O. cannot be truly converted. If we take the proposition: Some S is not P, to convert this into No P is S, or Some P is not S, would break the rule in chap. vi. § 6; since S, undistributed in the convertend, would be distributed in the converse. If we are told that Some men are not cooks, we cannot infer that Some cooks are not men. This would be to assume that 'Some men' are identical with 'All men.'

By quantifying the predicate, indeed, we may convert O. simply, thus:

Some men are not cooks ∴ No cooks are some men.

And the same plan has some advantage in converting A.; for by the usual method per accidens, the converse of A. being I., if we convert this again it is still I., and therefore means less than our original convertend. Thus:

All S is P ∴ Some P is S ∴ Some S is P.

Such knowledge, as that All S (the whole of it) is P, is too precious a thing to be squandered in pure Logic; and it may be preserved by quantifying the predicate; for if we convert A. to Y., thus—

All S is P ∴ Some P is all S—

we may reconvert Y. to A. without any loss of meaning. It is the chief use of quantifying the predicate that, thereby, every proposition is capable of simple conversion.

The conversion of propositions in which the relation of terms is inadequately expressed (see chap. ii., § 2) by the ordinary copula (is or is not) needs a special rule. To argue thus—

A is followed by B ∴ Something followed by B is A—

would be clumsy formalism. We usually say, and we ought to say—

A is followed by B ∴ B follows A (or is preceded by A).

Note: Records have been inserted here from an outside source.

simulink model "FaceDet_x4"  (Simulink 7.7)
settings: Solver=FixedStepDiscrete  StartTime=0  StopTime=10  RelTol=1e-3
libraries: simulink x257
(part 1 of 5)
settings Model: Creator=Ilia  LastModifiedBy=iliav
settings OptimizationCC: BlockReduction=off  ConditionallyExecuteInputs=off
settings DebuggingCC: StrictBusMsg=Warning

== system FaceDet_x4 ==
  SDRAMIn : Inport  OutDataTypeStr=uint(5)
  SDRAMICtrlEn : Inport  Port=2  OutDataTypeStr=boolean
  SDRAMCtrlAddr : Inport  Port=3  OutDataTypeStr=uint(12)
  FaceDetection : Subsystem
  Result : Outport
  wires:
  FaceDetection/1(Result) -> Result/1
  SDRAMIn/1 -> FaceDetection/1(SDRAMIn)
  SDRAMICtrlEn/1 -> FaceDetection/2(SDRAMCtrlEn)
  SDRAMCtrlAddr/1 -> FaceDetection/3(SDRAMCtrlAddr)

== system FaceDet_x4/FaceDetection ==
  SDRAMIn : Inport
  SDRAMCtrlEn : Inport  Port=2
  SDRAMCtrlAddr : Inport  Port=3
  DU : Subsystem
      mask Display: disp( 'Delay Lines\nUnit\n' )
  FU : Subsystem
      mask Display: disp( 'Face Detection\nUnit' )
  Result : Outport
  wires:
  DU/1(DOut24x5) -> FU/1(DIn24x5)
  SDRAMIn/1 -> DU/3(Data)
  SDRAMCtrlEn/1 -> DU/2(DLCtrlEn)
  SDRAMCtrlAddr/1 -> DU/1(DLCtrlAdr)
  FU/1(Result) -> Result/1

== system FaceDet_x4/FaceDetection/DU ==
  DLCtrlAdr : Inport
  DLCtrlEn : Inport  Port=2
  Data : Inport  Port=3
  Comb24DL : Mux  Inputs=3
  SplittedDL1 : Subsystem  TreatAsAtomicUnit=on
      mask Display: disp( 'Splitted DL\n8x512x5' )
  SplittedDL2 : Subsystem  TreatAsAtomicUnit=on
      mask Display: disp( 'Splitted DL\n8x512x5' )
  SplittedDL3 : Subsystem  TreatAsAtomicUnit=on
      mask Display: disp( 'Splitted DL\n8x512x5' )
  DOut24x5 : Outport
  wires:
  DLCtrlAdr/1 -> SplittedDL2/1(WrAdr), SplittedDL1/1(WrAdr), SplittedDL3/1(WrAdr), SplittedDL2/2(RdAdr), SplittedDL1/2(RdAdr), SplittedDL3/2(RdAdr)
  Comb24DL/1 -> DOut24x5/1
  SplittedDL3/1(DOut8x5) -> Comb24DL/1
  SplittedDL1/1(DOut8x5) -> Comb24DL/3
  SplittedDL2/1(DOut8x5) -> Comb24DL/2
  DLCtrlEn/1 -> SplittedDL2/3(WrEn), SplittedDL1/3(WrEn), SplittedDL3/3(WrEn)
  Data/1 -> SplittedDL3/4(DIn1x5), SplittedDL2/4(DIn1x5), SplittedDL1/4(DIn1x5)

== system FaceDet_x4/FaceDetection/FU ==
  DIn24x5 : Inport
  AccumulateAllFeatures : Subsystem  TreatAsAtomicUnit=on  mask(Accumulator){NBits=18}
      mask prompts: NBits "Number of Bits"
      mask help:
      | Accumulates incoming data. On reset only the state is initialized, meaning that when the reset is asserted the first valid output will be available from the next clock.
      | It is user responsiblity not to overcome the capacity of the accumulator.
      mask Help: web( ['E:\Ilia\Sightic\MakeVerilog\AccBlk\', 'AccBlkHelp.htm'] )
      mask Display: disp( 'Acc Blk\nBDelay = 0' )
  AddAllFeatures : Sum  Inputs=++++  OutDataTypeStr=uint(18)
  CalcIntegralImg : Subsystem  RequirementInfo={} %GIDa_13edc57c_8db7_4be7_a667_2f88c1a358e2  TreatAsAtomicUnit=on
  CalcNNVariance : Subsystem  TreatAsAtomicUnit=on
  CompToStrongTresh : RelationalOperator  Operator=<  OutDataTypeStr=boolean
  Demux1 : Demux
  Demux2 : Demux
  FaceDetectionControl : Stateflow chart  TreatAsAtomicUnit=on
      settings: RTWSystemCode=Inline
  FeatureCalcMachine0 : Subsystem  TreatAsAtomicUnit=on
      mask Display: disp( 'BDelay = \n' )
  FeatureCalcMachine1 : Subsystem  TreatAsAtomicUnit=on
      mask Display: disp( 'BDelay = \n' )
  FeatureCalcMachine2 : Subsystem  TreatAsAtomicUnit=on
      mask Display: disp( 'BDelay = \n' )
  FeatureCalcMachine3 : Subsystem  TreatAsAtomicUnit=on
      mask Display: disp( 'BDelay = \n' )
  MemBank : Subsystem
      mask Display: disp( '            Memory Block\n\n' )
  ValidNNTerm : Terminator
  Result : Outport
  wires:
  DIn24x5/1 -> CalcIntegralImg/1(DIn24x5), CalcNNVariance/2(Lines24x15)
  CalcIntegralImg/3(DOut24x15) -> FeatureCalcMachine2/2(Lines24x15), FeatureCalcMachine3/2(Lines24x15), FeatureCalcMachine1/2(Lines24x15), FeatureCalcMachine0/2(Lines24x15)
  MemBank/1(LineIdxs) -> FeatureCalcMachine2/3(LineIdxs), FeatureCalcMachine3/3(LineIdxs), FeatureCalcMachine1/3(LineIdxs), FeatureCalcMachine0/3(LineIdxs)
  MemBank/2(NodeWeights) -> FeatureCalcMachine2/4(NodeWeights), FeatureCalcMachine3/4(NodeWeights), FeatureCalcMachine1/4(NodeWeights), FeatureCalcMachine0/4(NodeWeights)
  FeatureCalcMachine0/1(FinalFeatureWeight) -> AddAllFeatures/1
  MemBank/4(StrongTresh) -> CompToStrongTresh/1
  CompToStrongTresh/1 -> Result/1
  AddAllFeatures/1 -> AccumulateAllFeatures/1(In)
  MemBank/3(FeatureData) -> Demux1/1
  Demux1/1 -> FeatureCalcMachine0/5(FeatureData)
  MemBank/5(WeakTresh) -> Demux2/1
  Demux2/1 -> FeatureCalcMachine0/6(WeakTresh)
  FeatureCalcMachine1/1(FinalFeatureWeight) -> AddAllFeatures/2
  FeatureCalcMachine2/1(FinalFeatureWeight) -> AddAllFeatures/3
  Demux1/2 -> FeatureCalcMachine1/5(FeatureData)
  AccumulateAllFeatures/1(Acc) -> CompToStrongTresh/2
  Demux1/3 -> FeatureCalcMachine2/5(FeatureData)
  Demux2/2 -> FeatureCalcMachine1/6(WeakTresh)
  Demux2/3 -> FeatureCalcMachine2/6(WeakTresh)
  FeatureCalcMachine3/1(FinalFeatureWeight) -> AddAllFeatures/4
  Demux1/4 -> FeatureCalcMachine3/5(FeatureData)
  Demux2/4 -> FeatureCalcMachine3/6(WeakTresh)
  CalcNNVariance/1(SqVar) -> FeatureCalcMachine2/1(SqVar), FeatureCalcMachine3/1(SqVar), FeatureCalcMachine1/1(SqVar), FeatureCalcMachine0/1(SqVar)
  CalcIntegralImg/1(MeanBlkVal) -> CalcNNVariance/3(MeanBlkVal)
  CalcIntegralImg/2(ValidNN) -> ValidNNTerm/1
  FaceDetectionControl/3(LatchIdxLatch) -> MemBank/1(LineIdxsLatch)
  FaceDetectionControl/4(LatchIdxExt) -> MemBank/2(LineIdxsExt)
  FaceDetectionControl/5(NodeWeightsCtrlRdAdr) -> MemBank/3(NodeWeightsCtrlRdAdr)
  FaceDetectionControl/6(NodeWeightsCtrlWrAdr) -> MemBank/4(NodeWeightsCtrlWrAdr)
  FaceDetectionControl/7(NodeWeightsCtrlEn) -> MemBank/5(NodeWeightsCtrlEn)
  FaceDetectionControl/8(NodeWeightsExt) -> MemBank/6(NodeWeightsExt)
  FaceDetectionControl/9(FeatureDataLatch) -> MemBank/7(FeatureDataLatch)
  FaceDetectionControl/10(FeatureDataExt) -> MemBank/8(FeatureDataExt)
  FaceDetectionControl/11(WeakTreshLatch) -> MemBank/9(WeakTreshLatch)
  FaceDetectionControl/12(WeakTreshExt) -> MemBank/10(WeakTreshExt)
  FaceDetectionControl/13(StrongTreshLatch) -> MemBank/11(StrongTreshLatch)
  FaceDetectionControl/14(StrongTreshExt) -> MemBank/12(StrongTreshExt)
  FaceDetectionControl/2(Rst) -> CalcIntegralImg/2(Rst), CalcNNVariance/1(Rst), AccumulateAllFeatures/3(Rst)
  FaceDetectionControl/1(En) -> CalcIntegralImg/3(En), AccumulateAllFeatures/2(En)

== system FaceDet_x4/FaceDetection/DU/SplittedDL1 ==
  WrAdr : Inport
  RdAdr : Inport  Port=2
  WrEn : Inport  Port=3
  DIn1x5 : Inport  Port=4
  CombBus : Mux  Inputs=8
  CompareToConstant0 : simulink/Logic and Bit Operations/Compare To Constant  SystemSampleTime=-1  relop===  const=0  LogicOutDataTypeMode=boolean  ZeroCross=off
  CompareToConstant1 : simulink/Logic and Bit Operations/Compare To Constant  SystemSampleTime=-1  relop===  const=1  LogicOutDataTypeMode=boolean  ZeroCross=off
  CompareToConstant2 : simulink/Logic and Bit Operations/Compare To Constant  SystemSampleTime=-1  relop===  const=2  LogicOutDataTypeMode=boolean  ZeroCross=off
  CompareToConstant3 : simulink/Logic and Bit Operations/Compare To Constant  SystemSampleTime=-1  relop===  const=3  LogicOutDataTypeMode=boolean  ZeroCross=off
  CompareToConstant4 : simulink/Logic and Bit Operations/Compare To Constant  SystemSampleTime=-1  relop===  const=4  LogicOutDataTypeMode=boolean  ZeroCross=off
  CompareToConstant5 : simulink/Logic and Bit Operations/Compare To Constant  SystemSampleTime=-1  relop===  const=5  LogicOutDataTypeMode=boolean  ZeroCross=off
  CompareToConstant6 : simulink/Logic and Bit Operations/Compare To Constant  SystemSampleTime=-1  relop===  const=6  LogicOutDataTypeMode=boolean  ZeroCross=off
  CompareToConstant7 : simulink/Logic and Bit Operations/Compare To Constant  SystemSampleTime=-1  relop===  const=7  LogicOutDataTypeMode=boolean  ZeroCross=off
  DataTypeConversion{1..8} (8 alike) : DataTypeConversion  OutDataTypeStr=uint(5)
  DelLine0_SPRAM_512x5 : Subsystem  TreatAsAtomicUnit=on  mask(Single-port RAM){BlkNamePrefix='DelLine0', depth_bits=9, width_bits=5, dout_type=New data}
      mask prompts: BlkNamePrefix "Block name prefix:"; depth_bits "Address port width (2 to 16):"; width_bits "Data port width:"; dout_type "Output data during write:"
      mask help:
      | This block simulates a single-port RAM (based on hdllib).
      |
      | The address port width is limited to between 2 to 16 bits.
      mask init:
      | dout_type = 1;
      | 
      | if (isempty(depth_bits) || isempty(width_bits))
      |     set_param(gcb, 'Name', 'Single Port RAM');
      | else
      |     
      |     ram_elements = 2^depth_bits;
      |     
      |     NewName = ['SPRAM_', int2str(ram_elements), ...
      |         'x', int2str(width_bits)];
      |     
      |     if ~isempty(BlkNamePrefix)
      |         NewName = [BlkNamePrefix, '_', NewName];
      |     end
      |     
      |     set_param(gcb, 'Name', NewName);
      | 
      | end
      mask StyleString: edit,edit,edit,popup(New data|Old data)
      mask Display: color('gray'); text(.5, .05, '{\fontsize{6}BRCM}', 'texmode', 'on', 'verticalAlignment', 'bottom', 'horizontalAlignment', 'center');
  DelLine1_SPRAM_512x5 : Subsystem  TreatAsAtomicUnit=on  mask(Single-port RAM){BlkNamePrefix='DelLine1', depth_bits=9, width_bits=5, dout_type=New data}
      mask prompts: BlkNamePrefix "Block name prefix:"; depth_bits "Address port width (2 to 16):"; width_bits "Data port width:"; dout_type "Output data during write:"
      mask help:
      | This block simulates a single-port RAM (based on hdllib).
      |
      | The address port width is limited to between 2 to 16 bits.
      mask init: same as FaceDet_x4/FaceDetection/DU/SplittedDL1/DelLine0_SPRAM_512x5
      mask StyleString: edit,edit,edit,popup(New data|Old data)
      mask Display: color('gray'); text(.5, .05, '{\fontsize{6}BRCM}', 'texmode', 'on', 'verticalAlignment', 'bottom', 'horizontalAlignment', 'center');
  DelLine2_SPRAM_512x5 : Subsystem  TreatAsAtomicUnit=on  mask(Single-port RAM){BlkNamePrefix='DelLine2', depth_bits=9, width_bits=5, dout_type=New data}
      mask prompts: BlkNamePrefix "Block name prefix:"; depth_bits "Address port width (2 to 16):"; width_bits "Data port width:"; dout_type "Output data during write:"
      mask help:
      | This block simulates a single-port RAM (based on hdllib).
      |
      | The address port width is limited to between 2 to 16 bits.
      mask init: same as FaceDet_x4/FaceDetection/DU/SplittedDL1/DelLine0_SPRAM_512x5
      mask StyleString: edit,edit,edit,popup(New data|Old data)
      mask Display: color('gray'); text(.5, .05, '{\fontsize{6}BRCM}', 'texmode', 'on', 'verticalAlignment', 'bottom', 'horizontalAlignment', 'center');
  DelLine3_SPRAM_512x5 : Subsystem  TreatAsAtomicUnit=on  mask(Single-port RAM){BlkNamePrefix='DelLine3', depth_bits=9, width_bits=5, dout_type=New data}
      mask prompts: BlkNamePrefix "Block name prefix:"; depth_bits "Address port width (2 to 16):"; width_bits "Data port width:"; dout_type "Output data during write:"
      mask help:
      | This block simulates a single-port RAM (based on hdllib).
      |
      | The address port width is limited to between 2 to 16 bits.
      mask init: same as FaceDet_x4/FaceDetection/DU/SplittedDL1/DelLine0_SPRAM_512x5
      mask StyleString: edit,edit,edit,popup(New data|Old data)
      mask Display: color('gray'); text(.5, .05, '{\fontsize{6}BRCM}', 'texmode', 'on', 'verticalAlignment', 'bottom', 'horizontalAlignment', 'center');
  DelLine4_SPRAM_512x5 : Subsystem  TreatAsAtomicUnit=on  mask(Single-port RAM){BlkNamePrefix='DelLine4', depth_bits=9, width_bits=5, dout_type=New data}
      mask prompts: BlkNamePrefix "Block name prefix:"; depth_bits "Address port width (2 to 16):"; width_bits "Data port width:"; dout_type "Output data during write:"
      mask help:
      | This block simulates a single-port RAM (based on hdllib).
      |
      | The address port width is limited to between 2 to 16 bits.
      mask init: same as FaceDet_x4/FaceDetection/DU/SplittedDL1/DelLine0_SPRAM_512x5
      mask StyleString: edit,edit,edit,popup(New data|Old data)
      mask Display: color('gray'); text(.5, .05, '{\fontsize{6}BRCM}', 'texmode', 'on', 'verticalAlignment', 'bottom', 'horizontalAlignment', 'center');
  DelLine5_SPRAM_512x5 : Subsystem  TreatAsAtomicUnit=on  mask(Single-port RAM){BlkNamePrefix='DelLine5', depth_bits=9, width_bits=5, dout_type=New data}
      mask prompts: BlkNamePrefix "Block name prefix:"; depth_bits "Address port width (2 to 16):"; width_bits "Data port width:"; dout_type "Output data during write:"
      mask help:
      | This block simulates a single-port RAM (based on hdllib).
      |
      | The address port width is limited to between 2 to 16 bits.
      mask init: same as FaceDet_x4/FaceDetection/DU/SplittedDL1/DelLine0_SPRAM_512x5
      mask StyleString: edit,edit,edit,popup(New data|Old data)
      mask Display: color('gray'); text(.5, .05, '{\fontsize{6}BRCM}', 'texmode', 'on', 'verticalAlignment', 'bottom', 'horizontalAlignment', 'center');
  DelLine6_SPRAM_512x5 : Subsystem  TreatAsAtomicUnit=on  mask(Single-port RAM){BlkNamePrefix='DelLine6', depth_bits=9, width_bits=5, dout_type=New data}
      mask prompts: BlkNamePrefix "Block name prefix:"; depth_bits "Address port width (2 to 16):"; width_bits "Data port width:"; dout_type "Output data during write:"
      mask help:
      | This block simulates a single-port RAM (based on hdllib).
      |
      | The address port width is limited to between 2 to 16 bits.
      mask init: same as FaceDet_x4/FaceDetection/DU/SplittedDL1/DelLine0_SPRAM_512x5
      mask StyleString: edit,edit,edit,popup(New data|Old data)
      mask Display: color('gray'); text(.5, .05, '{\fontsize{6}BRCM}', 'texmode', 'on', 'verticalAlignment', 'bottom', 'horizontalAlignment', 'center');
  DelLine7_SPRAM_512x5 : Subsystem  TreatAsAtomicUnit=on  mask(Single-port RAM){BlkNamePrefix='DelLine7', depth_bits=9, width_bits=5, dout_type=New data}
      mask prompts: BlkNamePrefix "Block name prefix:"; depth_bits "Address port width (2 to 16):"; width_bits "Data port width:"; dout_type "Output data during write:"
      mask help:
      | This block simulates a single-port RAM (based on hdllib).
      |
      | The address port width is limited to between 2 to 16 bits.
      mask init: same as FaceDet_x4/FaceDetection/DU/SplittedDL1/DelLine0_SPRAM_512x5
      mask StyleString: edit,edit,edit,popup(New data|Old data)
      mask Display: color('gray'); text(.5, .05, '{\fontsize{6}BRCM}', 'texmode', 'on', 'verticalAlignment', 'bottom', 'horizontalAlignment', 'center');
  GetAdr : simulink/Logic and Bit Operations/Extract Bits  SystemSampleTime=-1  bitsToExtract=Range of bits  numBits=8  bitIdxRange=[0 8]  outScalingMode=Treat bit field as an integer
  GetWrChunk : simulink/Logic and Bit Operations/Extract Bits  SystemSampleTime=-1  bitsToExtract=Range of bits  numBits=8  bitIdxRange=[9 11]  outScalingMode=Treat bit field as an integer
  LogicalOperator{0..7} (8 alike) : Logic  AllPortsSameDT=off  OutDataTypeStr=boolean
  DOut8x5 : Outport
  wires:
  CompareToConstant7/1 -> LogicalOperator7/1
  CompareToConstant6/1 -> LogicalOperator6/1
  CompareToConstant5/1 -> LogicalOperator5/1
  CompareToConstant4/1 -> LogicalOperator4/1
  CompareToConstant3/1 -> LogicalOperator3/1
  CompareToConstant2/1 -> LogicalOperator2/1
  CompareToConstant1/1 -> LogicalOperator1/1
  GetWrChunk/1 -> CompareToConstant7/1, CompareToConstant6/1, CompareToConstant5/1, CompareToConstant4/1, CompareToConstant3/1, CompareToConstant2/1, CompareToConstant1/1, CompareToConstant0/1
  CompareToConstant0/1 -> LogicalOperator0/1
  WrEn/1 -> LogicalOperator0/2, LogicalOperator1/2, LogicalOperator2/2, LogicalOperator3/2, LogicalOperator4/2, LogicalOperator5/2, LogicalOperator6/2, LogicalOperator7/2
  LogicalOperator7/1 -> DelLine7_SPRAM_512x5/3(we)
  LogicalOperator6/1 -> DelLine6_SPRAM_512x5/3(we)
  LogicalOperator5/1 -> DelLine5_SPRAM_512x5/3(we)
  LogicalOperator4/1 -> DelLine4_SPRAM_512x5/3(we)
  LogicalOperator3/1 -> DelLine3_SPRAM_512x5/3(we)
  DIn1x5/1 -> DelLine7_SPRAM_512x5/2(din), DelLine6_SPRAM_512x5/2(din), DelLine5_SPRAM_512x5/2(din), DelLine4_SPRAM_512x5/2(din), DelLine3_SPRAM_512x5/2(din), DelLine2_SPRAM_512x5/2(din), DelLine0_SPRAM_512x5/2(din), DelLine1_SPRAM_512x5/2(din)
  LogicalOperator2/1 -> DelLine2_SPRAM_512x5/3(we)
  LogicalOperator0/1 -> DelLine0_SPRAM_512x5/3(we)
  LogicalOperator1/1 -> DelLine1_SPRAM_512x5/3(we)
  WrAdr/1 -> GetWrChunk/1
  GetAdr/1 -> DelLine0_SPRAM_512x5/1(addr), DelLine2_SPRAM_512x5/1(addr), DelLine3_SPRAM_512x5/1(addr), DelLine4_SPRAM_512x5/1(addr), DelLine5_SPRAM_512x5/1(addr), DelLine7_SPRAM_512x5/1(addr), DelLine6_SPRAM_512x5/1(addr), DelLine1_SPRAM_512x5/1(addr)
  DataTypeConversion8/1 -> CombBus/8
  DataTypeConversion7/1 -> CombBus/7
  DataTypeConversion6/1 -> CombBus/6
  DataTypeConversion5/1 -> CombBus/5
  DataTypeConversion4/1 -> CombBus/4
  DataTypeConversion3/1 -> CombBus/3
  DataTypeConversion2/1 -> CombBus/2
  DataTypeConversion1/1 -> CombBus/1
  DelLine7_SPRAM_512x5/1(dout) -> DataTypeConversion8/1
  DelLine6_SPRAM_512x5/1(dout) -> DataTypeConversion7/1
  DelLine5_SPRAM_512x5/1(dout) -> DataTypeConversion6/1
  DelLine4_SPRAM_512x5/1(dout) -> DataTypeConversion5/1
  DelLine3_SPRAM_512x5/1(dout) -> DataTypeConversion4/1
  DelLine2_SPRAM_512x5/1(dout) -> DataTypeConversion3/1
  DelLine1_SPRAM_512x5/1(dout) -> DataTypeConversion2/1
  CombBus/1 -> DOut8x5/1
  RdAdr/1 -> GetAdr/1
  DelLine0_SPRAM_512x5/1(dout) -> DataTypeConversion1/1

Now, any relation between two terms may be viewed from either side—A: B or B: A. It is in both cases the same fact; but, with the altered point of view, it may present a different character. For example, in the Immediate Inference—A > B ∴ B < A—a diminishing turns into an increasing ratio, whilst the fact predicated remains the same. Given, then, a relation between two terms as viewed from one to the other, the same relation viewed from the other to the one may be called the Reciprocal. In the cases of Equality, Co-existence and Simultaneity, the given relation and its reciprocal are not only the same fact, but they also have the same character: in the cases of Greater and Less and Sequence, the character alters.

We may, then, state the following rule for the conversion of propositions in which the whole relation explicitly stated is taken as the copula: Transpose the terms, and for the given relation substitute its reciprocal. Thus—

A is the cause of B ∴ B is the effect of A.

The rule assumes that the reciprocal of a given relation is definitely known; and so far as this is true it may be extended to more concrete relations—

A is a genus of B ∴ B is a species of A

A is the father of B ∴ B is a child of A.

But not every relational expression has only one definite reciprocal. If we are told that A is the brother of B, we can only infer that B is either the brother or the sister of A. A list of all reciprocal relations is a desideratum of Logic.

§ 5. Obversion (otherwise called Permutation or Æquipollence) is Immediate Inference by changing the quality of the given proposition and substituting for its predicate the contradictory term. The given proposition is called the 'obvertend,' and the inference from it the 'obverse.' Thus the obvertend being—Some philosophers are consistent reasoners, the obverse will be—Some philosophers are not inconsistent reasoners.

The legitimacy of this mode of reasoning follows, in the case of affirmative propositions, from the principle of Contradiction, that if any term be affirmed of a subject, the contradictory term may be denied (chap. vi. § 3). To obvert affirmative propositions, then, the rule is—Insert the negative sign, and for the predicate substitute its contradictory term.